A method for searching a plurality of databases that are distributed and accessible to clients via one or more search servers, comprising:
(A) providing a search query from a client to each database and each associated server;
(B) obtaining statistics for each database at each client from each server;
(C) obtaining information about a document obtained as a result of applying a query to a database at each client from each server;
(D) at the client, calculating a score for each document using the statistics and the information, the calculated scores for all databases as if they were combined as a single database To search multiple databases that appear as applicable.

The method of claim 1, wherein the statistics for the collection include the size of the collection in relation to the number of records.

The method of claim 1, wherein the information about each document includes the number of times each search term appears in the document.

The method of claim 1, wherein the information about each database includes the number of documents that contain each search term.

A method for searching a plurality of databases that are distributed and accessible to clients via one or more servers, comprising:
(A) accessing each database from a client;
(B) providing a search query from a client to a server associated with each database;
(C) obtaining statistics for each database at the client;
(D) obtaining statistical information about relevant documents obtained as a result of applying the query to the database at the client;
(E) calculating a score for a related document using the statistics and the information at the client, wherein the score calculated for a document is independent of the database in which it appears; A method for searching multiple databases.
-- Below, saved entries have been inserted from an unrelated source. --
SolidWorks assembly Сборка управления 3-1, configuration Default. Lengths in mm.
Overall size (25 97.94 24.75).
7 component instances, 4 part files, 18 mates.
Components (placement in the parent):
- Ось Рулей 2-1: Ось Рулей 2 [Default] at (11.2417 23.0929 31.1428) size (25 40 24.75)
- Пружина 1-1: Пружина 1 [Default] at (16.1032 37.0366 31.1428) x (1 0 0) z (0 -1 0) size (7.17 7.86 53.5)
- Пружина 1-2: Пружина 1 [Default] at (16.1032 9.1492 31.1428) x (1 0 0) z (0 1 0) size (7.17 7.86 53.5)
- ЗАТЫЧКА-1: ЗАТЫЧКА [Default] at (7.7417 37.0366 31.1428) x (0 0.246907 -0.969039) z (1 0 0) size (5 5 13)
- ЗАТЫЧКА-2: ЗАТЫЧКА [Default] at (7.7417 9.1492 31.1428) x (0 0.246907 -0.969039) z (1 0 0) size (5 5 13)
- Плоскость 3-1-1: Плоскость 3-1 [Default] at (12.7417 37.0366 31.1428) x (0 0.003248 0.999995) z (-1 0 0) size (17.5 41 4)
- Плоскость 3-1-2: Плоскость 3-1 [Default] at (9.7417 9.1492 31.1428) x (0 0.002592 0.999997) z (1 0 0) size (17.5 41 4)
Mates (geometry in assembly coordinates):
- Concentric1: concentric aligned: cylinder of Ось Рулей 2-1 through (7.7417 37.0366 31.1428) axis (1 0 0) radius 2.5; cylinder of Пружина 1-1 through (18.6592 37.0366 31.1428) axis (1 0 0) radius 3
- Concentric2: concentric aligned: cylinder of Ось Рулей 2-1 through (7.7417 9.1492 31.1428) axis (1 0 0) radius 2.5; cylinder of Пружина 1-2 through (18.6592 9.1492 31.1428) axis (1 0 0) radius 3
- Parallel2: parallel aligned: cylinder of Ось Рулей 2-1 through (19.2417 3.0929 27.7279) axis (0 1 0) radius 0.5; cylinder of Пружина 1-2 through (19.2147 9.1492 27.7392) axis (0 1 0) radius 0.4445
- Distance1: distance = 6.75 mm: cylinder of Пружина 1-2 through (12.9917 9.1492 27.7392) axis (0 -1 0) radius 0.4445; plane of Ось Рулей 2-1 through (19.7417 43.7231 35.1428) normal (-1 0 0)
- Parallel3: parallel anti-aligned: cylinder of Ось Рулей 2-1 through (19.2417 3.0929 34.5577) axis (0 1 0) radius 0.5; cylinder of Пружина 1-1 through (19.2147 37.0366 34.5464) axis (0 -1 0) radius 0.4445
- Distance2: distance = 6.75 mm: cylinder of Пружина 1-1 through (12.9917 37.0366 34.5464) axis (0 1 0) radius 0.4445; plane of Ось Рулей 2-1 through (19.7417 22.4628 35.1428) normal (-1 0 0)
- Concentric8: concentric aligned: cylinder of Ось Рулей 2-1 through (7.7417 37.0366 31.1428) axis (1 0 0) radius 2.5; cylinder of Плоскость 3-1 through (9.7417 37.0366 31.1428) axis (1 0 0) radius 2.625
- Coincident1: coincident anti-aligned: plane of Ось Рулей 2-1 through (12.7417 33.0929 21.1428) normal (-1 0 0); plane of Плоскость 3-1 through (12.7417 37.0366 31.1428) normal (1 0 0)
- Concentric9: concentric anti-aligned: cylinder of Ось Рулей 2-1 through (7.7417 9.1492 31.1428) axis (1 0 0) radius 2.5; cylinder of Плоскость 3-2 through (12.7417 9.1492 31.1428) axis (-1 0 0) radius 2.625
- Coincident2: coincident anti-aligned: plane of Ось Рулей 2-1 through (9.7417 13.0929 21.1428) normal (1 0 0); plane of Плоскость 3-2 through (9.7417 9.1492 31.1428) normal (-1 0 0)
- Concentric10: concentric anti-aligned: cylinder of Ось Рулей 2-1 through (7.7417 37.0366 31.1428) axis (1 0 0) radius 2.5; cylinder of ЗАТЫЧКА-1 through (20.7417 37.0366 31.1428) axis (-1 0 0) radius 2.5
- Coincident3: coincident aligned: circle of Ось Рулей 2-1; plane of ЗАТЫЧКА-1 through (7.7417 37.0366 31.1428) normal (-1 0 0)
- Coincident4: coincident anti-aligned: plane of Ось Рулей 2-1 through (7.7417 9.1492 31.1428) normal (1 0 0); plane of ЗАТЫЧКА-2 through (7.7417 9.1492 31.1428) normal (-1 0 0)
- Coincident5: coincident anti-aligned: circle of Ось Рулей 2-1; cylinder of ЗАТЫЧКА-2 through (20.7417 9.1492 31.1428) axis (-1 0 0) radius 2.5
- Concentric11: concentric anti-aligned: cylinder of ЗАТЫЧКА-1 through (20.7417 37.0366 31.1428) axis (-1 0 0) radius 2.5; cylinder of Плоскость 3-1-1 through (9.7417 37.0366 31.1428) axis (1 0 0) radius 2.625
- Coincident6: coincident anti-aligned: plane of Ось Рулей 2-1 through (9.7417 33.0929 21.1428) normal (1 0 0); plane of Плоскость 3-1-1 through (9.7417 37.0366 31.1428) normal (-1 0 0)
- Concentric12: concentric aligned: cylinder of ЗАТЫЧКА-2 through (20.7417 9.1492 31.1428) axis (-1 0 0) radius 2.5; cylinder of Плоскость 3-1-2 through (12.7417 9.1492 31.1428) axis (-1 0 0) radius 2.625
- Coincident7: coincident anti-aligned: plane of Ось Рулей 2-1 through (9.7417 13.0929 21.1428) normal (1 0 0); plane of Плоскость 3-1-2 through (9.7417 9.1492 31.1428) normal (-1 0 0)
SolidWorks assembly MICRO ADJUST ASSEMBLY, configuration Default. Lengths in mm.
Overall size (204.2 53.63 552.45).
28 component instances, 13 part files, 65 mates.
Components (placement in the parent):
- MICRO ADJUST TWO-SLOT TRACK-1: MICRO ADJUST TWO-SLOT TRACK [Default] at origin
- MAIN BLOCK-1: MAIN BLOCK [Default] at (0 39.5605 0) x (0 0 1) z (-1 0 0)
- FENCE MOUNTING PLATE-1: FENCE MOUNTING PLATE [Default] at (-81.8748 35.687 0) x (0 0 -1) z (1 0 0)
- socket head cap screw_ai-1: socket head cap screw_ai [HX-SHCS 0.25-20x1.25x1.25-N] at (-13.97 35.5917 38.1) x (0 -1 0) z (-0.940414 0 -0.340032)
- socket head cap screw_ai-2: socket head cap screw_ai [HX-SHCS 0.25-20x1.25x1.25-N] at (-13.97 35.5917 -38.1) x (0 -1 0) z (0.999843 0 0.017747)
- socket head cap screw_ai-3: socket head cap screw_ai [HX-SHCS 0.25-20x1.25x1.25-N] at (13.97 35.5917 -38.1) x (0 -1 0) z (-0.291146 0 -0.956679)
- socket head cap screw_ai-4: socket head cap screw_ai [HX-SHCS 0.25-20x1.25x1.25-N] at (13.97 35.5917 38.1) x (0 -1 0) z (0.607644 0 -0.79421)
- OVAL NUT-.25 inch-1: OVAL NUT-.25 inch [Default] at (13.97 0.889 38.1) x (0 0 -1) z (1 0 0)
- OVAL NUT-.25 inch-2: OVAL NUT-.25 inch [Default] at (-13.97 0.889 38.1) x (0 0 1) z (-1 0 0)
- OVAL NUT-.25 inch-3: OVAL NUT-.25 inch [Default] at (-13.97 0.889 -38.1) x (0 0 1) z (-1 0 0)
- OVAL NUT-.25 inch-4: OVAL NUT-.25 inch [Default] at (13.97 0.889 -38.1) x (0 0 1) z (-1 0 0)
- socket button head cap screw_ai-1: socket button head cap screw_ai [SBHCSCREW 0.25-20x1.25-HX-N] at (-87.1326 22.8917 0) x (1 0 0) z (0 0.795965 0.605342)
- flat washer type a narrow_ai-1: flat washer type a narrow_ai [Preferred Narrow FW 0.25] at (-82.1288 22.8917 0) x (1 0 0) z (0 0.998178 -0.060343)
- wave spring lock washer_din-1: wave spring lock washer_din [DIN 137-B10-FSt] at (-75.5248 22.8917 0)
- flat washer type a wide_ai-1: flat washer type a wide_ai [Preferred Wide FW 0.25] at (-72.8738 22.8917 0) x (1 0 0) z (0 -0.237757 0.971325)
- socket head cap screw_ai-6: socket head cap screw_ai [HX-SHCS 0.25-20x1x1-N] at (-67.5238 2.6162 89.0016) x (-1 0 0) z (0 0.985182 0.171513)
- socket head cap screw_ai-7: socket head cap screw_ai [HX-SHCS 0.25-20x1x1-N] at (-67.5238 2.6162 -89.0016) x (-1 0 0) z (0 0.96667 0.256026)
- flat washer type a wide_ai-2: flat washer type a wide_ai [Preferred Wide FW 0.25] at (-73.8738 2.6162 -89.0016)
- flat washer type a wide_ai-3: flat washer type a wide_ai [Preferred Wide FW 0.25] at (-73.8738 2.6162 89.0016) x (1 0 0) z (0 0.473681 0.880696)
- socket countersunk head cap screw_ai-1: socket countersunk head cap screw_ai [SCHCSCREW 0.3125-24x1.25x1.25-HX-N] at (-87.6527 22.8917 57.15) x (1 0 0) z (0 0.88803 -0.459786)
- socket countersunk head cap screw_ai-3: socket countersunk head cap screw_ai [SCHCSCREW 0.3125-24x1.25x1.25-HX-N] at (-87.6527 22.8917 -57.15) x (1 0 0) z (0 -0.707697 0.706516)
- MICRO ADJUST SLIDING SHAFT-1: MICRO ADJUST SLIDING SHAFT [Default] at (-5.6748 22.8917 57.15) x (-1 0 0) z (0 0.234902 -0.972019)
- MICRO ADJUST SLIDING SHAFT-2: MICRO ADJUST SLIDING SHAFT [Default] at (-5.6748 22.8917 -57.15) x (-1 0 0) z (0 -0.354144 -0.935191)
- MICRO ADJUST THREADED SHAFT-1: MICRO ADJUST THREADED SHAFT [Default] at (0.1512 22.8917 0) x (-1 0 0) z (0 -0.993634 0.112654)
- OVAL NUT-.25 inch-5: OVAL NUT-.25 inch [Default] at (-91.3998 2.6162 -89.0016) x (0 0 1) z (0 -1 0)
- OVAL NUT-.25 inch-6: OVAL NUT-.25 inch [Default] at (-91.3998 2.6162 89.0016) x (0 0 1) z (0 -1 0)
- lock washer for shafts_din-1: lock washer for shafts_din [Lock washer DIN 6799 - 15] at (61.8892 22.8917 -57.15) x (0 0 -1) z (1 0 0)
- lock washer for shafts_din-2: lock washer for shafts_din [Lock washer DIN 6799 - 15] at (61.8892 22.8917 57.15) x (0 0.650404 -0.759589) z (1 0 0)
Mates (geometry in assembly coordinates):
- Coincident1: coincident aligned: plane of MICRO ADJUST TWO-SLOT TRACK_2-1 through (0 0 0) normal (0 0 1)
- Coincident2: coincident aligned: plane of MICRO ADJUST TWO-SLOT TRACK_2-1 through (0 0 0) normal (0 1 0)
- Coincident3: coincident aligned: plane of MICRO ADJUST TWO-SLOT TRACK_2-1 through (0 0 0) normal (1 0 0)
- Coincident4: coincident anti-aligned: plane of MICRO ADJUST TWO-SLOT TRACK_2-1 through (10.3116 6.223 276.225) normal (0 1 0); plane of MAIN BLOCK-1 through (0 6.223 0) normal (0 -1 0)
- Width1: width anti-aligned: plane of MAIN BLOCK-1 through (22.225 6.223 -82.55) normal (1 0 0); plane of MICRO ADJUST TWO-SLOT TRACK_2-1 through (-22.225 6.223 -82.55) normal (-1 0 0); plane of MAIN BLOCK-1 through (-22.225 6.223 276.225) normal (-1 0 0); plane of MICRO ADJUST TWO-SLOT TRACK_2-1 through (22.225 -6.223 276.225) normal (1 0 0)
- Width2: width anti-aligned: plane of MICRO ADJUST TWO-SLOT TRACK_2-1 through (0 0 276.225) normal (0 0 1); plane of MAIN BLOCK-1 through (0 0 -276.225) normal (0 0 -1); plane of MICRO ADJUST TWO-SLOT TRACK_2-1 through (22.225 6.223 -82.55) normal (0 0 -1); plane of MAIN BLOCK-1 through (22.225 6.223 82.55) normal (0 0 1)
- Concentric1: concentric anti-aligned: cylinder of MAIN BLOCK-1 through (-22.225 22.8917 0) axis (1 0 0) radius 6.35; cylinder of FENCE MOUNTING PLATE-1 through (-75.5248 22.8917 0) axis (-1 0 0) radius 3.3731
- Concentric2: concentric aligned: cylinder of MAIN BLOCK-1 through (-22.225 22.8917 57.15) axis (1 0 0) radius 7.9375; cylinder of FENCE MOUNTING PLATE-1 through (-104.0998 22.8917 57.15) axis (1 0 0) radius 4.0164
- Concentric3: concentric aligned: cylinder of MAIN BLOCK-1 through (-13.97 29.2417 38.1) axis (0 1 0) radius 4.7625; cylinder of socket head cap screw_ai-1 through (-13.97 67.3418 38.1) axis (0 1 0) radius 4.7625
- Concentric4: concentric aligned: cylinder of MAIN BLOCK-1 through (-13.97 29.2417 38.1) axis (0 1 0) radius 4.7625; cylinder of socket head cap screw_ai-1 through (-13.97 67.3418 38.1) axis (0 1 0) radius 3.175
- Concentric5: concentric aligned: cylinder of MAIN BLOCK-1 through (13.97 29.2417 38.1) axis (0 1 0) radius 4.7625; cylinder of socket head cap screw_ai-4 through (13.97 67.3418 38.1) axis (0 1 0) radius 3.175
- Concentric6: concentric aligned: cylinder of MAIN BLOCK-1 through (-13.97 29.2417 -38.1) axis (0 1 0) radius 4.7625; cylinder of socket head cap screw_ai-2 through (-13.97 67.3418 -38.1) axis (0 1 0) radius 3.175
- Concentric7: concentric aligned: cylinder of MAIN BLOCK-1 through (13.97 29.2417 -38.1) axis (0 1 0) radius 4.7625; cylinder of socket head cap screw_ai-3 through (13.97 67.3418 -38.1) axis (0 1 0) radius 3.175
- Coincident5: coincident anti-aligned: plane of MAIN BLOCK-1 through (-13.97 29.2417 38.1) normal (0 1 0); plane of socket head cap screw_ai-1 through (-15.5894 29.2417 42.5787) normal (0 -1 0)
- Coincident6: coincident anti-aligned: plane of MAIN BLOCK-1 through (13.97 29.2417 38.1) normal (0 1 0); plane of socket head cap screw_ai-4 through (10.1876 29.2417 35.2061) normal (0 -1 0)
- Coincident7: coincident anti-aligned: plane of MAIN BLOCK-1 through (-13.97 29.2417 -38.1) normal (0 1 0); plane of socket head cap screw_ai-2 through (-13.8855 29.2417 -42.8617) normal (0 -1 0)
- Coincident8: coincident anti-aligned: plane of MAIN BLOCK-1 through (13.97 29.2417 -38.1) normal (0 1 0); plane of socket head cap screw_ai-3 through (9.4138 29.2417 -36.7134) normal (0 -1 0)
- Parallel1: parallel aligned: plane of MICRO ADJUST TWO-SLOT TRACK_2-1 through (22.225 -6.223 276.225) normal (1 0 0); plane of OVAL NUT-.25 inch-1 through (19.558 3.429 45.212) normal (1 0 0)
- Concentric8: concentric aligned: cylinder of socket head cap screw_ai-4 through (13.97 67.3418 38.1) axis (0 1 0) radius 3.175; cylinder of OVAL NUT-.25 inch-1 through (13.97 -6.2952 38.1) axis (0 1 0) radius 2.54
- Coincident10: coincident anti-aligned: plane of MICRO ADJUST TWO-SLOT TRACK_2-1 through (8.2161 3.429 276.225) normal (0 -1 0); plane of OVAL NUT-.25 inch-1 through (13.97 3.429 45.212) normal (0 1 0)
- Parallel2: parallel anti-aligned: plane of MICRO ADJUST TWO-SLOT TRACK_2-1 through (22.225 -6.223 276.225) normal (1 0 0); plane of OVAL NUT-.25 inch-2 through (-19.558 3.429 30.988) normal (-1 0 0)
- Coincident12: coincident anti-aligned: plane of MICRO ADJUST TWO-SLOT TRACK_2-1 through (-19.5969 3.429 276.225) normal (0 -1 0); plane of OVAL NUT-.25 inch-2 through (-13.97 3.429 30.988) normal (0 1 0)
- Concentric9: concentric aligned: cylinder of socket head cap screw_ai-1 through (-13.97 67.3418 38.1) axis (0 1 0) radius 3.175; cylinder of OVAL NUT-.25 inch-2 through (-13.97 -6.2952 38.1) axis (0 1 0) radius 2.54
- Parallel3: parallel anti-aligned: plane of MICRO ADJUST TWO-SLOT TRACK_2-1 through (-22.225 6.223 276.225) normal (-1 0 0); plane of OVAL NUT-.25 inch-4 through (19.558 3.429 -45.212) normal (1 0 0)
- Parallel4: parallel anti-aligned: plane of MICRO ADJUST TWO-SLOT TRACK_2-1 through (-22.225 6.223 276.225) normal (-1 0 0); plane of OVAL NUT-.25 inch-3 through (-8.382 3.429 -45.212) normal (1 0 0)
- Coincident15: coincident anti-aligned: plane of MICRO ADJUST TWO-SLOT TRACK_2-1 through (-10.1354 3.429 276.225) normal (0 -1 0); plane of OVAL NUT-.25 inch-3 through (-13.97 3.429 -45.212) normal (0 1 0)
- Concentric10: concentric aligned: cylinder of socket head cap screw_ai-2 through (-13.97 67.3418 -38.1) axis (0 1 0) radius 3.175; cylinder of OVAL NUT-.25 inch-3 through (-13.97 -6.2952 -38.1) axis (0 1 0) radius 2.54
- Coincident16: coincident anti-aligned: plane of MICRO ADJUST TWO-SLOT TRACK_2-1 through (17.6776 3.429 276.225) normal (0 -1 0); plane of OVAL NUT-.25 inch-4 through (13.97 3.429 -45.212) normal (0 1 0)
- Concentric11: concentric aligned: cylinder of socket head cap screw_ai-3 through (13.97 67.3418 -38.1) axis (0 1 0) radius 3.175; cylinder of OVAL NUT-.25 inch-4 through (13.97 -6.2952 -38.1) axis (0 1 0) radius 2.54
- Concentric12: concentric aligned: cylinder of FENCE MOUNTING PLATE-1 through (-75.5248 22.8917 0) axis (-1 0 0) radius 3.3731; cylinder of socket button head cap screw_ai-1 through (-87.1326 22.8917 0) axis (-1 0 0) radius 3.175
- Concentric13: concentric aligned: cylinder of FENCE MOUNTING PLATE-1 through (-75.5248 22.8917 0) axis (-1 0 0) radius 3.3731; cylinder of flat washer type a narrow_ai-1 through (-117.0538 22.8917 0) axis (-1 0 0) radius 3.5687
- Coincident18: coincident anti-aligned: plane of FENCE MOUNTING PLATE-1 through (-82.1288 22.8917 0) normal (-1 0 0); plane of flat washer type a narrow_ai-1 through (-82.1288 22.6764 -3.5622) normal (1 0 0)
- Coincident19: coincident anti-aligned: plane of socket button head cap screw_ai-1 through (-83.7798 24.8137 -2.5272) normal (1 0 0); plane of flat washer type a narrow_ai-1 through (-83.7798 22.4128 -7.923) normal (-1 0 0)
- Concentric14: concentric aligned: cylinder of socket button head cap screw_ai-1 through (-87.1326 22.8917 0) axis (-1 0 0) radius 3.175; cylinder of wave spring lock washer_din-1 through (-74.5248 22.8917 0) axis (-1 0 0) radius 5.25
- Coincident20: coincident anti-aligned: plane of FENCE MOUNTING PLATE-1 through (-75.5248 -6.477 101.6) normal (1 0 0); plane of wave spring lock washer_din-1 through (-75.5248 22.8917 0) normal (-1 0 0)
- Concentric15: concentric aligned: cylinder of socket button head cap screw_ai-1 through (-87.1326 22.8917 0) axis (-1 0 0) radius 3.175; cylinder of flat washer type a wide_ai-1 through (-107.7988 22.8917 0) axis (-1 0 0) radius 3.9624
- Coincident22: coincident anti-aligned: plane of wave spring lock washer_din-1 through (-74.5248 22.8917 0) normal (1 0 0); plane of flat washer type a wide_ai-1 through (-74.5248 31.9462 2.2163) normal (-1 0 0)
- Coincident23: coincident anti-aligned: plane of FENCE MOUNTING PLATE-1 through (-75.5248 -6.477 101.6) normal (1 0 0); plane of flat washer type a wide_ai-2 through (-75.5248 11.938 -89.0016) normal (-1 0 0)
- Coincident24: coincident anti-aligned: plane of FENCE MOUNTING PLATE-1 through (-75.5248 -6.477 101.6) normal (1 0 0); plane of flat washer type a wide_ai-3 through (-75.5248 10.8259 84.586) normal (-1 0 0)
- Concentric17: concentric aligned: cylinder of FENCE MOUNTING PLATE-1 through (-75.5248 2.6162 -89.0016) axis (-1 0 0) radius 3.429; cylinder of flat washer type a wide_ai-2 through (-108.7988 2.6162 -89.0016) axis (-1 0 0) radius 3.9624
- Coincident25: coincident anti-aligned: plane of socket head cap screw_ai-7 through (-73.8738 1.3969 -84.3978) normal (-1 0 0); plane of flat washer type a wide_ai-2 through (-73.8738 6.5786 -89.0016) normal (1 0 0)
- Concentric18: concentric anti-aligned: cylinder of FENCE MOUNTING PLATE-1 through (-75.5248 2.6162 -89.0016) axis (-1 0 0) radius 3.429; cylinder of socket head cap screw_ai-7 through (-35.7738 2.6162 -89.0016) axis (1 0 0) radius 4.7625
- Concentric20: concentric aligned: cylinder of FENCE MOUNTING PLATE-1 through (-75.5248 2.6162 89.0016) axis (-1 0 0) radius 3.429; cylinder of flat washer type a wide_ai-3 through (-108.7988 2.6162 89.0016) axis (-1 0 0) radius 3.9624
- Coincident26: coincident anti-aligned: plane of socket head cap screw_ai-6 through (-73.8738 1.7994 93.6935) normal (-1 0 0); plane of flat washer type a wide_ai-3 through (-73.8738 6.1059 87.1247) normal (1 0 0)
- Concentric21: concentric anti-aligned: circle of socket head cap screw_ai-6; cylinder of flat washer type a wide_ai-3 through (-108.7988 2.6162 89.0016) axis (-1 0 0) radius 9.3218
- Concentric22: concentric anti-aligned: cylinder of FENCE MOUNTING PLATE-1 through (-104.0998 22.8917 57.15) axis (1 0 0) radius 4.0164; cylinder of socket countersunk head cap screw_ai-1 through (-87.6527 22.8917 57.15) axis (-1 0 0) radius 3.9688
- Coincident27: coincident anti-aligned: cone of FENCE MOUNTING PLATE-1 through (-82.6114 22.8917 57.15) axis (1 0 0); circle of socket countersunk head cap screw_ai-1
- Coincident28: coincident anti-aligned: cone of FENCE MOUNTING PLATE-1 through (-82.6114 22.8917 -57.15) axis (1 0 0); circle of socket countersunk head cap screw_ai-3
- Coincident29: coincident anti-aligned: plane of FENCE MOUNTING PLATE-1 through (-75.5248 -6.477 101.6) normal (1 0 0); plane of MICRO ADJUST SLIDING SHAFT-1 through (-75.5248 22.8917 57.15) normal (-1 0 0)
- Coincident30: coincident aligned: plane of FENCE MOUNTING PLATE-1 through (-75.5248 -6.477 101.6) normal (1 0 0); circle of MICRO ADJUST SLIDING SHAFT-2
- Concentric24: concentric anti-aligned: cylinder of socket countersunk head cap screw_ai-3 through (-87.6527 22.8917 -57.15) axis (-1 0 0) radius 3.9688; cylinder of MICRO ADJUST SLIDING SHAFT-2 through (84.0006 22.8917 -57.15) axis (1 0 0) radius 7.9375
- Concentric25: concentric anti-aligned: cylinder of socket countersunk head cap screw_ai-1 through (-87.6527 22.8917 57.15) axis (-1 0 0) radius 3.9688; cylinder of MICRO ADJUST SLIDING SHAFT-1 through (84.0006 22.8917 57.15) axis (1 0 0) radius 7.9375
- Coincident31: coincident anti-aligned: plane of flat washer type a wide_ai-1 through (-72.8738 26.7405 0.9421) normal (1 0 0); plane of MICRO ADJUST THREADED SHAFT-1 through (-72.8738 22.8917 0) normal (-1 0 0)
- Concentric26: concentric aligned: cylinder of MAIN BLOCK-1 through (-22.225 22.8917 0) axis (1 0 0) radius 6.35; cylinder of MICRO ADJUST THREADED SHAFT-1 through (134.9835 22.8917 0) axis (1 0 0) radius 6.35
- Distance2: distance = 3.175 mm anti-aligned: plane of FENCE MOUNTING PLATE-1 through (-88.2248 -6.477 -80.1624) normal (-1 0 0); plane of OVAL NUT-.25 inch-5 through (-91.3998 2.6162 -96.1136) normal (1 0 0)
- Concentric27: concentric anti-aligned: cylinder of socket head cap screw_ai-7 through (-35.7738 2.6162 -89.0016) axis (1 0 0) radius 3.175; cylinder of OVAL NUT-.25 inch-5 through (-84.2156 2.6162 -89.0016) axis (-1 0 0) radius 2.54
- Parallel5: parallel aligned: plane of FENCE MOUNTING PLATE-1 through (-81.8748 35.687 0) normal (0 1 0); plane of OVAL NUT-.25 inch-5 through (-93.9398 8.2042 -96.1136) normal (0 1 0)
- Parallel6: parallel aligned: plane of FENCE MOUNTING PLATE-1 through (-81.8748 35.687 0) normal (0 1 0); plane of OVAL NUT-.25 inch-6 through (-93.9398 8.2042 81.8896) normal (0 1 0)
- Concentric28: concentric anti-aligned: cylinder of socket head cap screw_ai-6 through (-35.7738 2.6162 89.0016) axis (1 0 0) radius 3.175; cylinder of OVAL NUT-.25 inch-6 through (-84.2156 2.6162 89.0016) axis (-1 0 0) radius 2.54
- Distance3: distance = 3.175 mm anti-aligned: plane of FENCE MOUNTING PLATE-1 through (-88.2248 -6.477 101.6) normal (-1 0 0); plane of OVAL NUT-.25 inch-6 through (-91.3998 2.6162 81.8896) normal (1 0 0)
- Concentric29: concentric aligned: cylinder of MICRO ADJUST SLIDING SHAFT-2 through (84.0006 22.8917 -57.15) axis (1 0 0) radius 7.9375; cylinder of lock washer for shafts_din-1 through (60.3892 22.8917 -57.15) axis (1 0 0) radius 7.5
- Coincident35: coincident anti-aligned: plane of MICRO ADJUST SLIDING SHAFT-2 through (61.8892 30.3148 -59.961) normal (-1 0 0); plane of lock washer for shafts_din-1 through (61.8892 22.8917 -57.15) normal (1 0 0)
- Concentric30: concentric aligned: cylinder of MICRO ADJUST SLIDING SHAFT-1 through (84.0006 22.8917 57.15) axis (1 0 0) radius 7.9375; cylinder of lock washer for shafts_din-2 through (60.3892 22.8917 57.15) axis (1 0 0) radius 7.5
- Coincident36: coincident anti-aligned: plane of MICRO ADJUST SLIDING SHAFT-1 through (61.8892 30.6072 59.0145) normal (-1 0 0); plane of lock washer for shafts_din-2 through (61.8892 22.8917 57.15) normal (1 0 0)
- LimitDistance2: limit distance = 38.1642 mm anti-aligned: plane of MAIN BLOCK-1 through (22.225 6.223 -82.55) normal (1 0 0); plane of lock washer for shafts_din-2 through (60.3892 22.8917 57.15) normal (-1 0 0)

A method of searching for documents among a plurality of databases in response to a search query,
(A) providing a search query for each database;
(B) determining the number of records for each database;
(C) applying a search query to each of the databases to record the number of hits for each search query word and the identification of a database record having at least one hit in the number of hits;
(D) counting records having at least one hit for each of the databases and for each query term;
(E) reporting the associated score of each record for the search query to the user, calculated using the results of steps (b), (c) and (d), between a plurality of databases How to search for literature.

7. The method of claim 6, further defined by selecting several databases and having more than one search engine for the databases prior to providing the same search query for all databases.

8. The method of claim 7, wherein by selecting a number of records to be reviewed between the number of databases, the number of records having the highest relevance score for a search query. .

9. The method of claim 8, further defined by pre-selecting a number of records prior to calculating an associated score.